_What you should do_
Should the entries contain pictures, leave them out and return exactly the lines from the first through the line holding "#18=AXIS2_PLACEMENT_3D('',#15,#16,#17);".

_Exercise data_

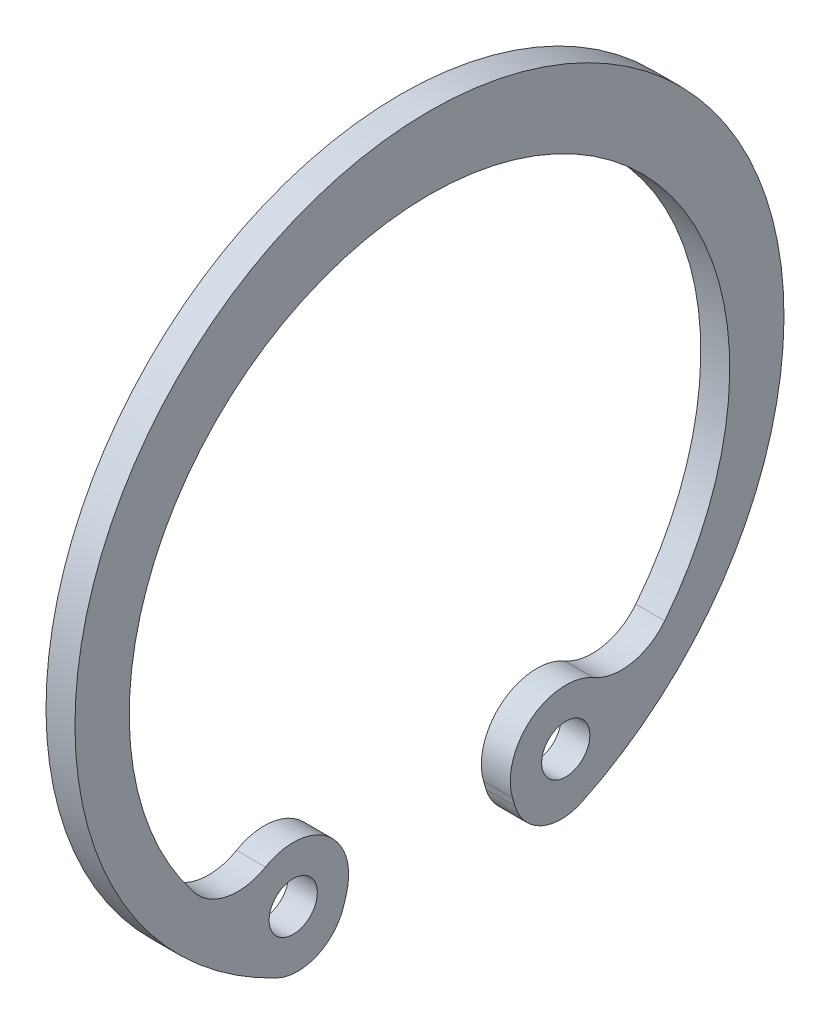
ISO-10303-21;
HEADER;
FILE_DESCRIPTION(('STEP AP214'),'2;1');
FILE_NAME('part.step','',(''),(''),'','','');
FILE_SCHEMA(('AUTOMOTIVE_DESIGN { 1 0 10303 214 1 1 1 1 }'));
ENDSEC;
DATA;
#1=APPLICATION_CONTEXT('core data for automotive mechanical design processes');
#2=APPLICATION_PROTOCOL_DEFINITION('international standard','automotive_design',2000,#1);
#3=PRODUCT_CONTEXT('',#1,'mechanical');
#4=PRODUCT('Part','Part','',(#3));
#5=PRODUCT_RELATED_PRODUCT_CATEGORY('part','',(#4));
#6=PRODUCT_DEFINITION_FORMATION('','',#4);
#7=PRODUCT_DEFINITION_CONTEXT('part definition',#1,'design');
#8=PRODUCT_DEFINITION('design','',#6,#7);
#9=PRODUCT_DEFINITION_SHAPE('','',#8);
#10=(LENGTH_UNIT() NAMED_UNIT(*) SI_UNIT(.MILLI.,.METRE.));
#11=(NAMED_UNIT(*) PLANE_ANGLE_UNIT() SI_UNIT($,.RADIAN.));
#12=(NAMED_UNIT(*) SI_UNIT($,.STERADIAN.) SOLID_ANGLE_UNIT());
#13=UNCERTAINTY_MEASURE_WITH_UNIT(LENGTH_MEASURE(1.E-05),#10,'distance_accuracy_value','');
#14=(GEOMETRIC_REPRESENTATION_CONTEXT(3) GLOBAL_UNCERTAINTY_ASSIGNED_CONTEXT((#13)) GLOBAL_UNIT_ASSIGNED_CONTEXT((#10,
#11,#12)) REPRESENTATION_CONTEXT('',''));
#15=CARTESIAN_POINT('',(0.,0.,0.));
#16=DIRECTION('',(0.,0.,1.));
#17=DIRECTION('',(1.,0.,0.));
#18=AXIS2_PLACEMENT_3D('',#15,#16,#17);
#19=CARTESIAN_POINT('',(-0.6,-11.4649523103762,-5.46304571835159));
#20=DIRECTION('',(1.,0.,0.));
#21=DIRECTION('',(0.,0.,-1.));
#22=AXIS2_PLACEMENT_3D('',#19,#20,#21);
#23=PLANE('',#22);
#24=DIRECTION('',(0.,-0.959229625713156,-0.282627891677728));
#25=VECTOR('',#24,1.);
#26=CARTESIAN_POINT('',(-0.6,-11.68804668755,-3.44377186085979));
#27=LINE('',#26,#25);
#28=CARTESIAN_POINT('',(-0.6,-11.6880466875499,-3.44377186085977));
#29=VERTEX_POINT('',#28);
#30=CARTESIAN_POINT('',(-0.6,-12.0302080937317,-3.5445864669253));
#31=VERTEX_POINT('',#30);
#32=EDGE_CURVE('E94',#29,#31,#27,.T.);
#33=ORIENTED_EDGE('',*,*,#32,.F.);
#34=CARTESIAN_POINT('',(-0.6,-11.0380025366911,-5.65));
#35=DIRECTION('',(1.,0.,0.));
#36=DIRECTION('',(0.,0.,-1.));
#37=AXIS2_PLACEMENT_3D('',#34,#35,#36);
#38=CIRCLE('',#37,2.3);
#39=CARTESIAN_POINT('',(-0.6,-9.04709082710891,-6.80163820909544));
#40=VERTEX_POINT('',#39);
#41=EDGE_CURVE('E124',#40,#29,#38,.T.);
#42=ORIENTED_EDGE('',*,*,#41,.F.);
#43=CARTESIAN_POINT('',(-0.6,-7.05617909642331,-7.95327638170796));
#44=DIRECTION('',(1.,0.,0.));
#45=DIRECTION('',(0.,0.,-1.));
#46=AXIS2_PLACEMENT_3D('',#43,#44,#45);
#47=CIRCLE('',#46,2.3);
#48=CARTESIAN_POINT('',(-0.6,-8.48516549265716,-9.75549664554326));
#49=VERTEX_POINT('',#48);
#50=EDGE_CURVE('E128',#40,#49,#47,.T.);
#51=ORIENTED_EDGE('',*,*,#50,.T.);
#52=CARTESIAN_POINT('',(-0.6,-0.749999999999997,0.));
#53=DIRECTION('',(1.,0.,0.));
#54=DIRECTION('',(0.,0.,-1.));
#55=AXIS2_PLACEMENT_3D('',#52,#53,#54);
#56=CIRCLE('',#55,12.45);
#57=CARTESIAN_POINT('',(-0.6,-8.48516549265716,9.75549664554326));
#58=VERTEX_POINT('',#57);
#59=EDGE_CURVE('E129',#49,#58,#56,.T.);
#60=ORIENTED_EDGE('',*,*,#59,.T.);
#61=CARTESIAN_POINT('',(-0.6,-7.05617909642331,7.95327638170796));
#62=DIRECTION('',(1.,0.,0.));
#63=DIRECTION('',(0.,0.,-1.));
#64=AXIS2_PLACEMENT_3D('',#61,#62,#63);
#65=CIRCLE('',#64,2.3);
#66=CARTESIAN_POINT('',(-0.6,-9.04709082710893,6.80163820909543));
#67=VERTEX_POINT('',#66);
#68=EDGE_CURVE('E133',#58,#67,#65,.T.);
#69=ORIENTED_EDGE('',*,*,#68,.T.);
#70=CARTESIAN_POINT('',(-0.6,-11.0380025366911,5.65));
#71=DIRECTION('',(1.,0.,0.));
#72=DIRECTION('',(0.,0.,-1.));
#73=AXIS2_PLACEMENT_3D('',#70,#71,#72);
#74=CIRCLE('',#73,2.3);
#75=CARTESIAN_POINT('',(-0.6,-11.6880466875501,3.44377186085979));
#76=VERTEX_POINT('',#75);
#77=EDGE_CURVE('E200',#76,#67,#74,.T.);
#78=ORIENTED_EDGE('',*,*,#77,.F.);
#79=DIRECTION('',(0.,-0.959229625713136,0.282627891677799));
#80=VECTOR('',#79,1.);
#81=CARTESIAN_POINT('',(-0.6,-12.0302080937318,3.54458646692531));
#82=LINE('',#81,#80);
#83=CARTESIAN_POINT('',(-0.6,-12.0302080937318,3.54458646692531));
#84=VERTEX_POINT('',#83);
#85=EDGE_CURVE('E168',#76,#84,#82,.T.);
#86=ORIENTED_EDGE('',*,*,#85,.T.);
#87=CARTESIAN_POINT('',(-0.6,-11.4649523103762,5.46304571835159));
#88=DIRECTION('',(1.,0.,0.));
#89=DIRECTION('',(0.,0.,-1.));
#90=AXIS2_PLACEMENT_3D('',#87,#88,#89);
#91=CIRCLE('',#90,2.);
#92=CARTESIAN_POINT('',(-0.6,-13.2704566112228,6.32336787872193));
#93=VERTEX_POINT('',#92);
#94=EDGE_CURVE('E203',#93,#84,#91,.T.);
#95=ORIENTED_EDGE('',*,*,#94,.F.);
#96=CARTESIAN_POINT('',(-0.6,0.,0.));
#97=DIRECTION('',(1.,0.,0.));
#98=DIRECTION('',(0.,0.,-1.));
#99=AXIS2_PLACEMENT_3D('',#96,#97,#98);
#100=CIRCLE('',#99,14.7);
#101=CARTESIAN_POINT('',(-0.6,-13.2704566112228,-6.32336787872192));
#102=VERTEX_POINT('',#101);
#103=EDGE_CURVE('E106',#102,#93,#100,.T.);
#104=ORIENTED_EDGE('',*,*,#103,.F.);
#105=CARTESIAN_POINT('',(-0.6,-11.4649523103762,-5.46304571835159));
#106=DIRECTION('',(1.,0.,0.));
#107=DIRECTION('',(0.,0.,-1.));
#108=AXIS2_PLACEMENT_3D('',#105,#106,#107);
#109=CIRCLE('',#108,2.);
#110=EDGE_CURVE('E103',#31,#102,#109,.T.);
#111=ORIENTED_EDGE('',*,*,#110,.F.);
#112=EDGE_LOOP('',(#33,#42,#51,#60,#69,#78,#86,#95,#104,#111));
#113=FACE_BOUND('',#112,.T.);
#114=CARTESIAN_POINT('',(-0.6,-11.0380025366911,-5.65));
#115=DIRECTION('',(1.,0.,0.));
#116=DIRECTION('',(0.,0.,-1.));
#117=AXIS2_PLACEMENT_3D('',#114,#115,#116);
#118=CIRCLE('',#117,1.);
#119=CARTESIAN_POINT('',(-0.6,-11.0380025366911,-6.65));
#120=VERTEX_POINT('',#119);
#121=EDGE_CURVE('E109',#120,#120,#118,.T.);
#122=ORIENTED_EDGE('',*,*,#121,.T.);
#123=EDGE_LOOP('',(#122));
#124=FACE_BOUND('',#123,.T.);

_Reply_
ISO-10303-21;
HEADER;
FILE_DESCRIPTION(('STEP AP214'),'2;1');
FILE_NAME('part.step','',(''),(''),'','','');
FILE_SCHEMA(('AUTOMOTIVE_DESIGN { 1 0 10303 214 1 1 1 1 }'));
ENDSEC;
DATA;
#1=APPLICATION_CONTEXT('core data for automotive mechanical design processes');
#2=APPLICATION_PROTOCOL_DEFINITION('international standard','automotive_design',2000,#1);
#3=PRODUCT_CONTEXT('',#1,'mechanical');
#4=PRODUCT('Part','Part','',(#3));
#5=PRODUCT_RELATED_PRODUCT_CATEGORY('part','',(#4));
#6=PRODUCT_DEFINITION_FORMATION('','',#4);
#7=PRODUCT_DEFINITION_CONTEXT('part definition',#1,'design');
#8=PRODUCT_DEFINITION('design','',#6,#7);
#9=PRODUCT_DEFINITION_SHAPE('','',#8);
#10=(LENGTH_UNIT() NAMED_UNIT(*) SI_UNIT(.MILLI.,.METRE.));
#11=(NAMED_UNIT(*) PLANE_ANGLE_UNIT() SI_UNIT($,.RADIAN.));
#12=(NAMED_UNIT(*) SI_UNIT($,.STERADIAN.) SOLID_ANGLE_UNIT());
#13=UNCERTAINTY_MEASURE_WITH_UNIT(LENGTH_MEASURE(1.E-05),#10,'distance_accuracy_value','');
#14=(GEOMETRIC_REPRESENTATION_CONTEXT(3) GLOBAL_UNCERTAINTY_ASSIGNED_CONTEXT((#13)) GLOBAL_UNIT_ASSIGNED_CONTEXT((#10,
#11,#12)) REPRESENTATION_CONTEXT('',''));
#15=CARTESIAN_POINT('',(0.,0.,0.));
#16=DIRECTION('',(0.,0.,1.));
#17=DIRECTION('',(1.,0.,0.));
#18=AXIS2_PLACEMENT_3D('',#15,#16,#17);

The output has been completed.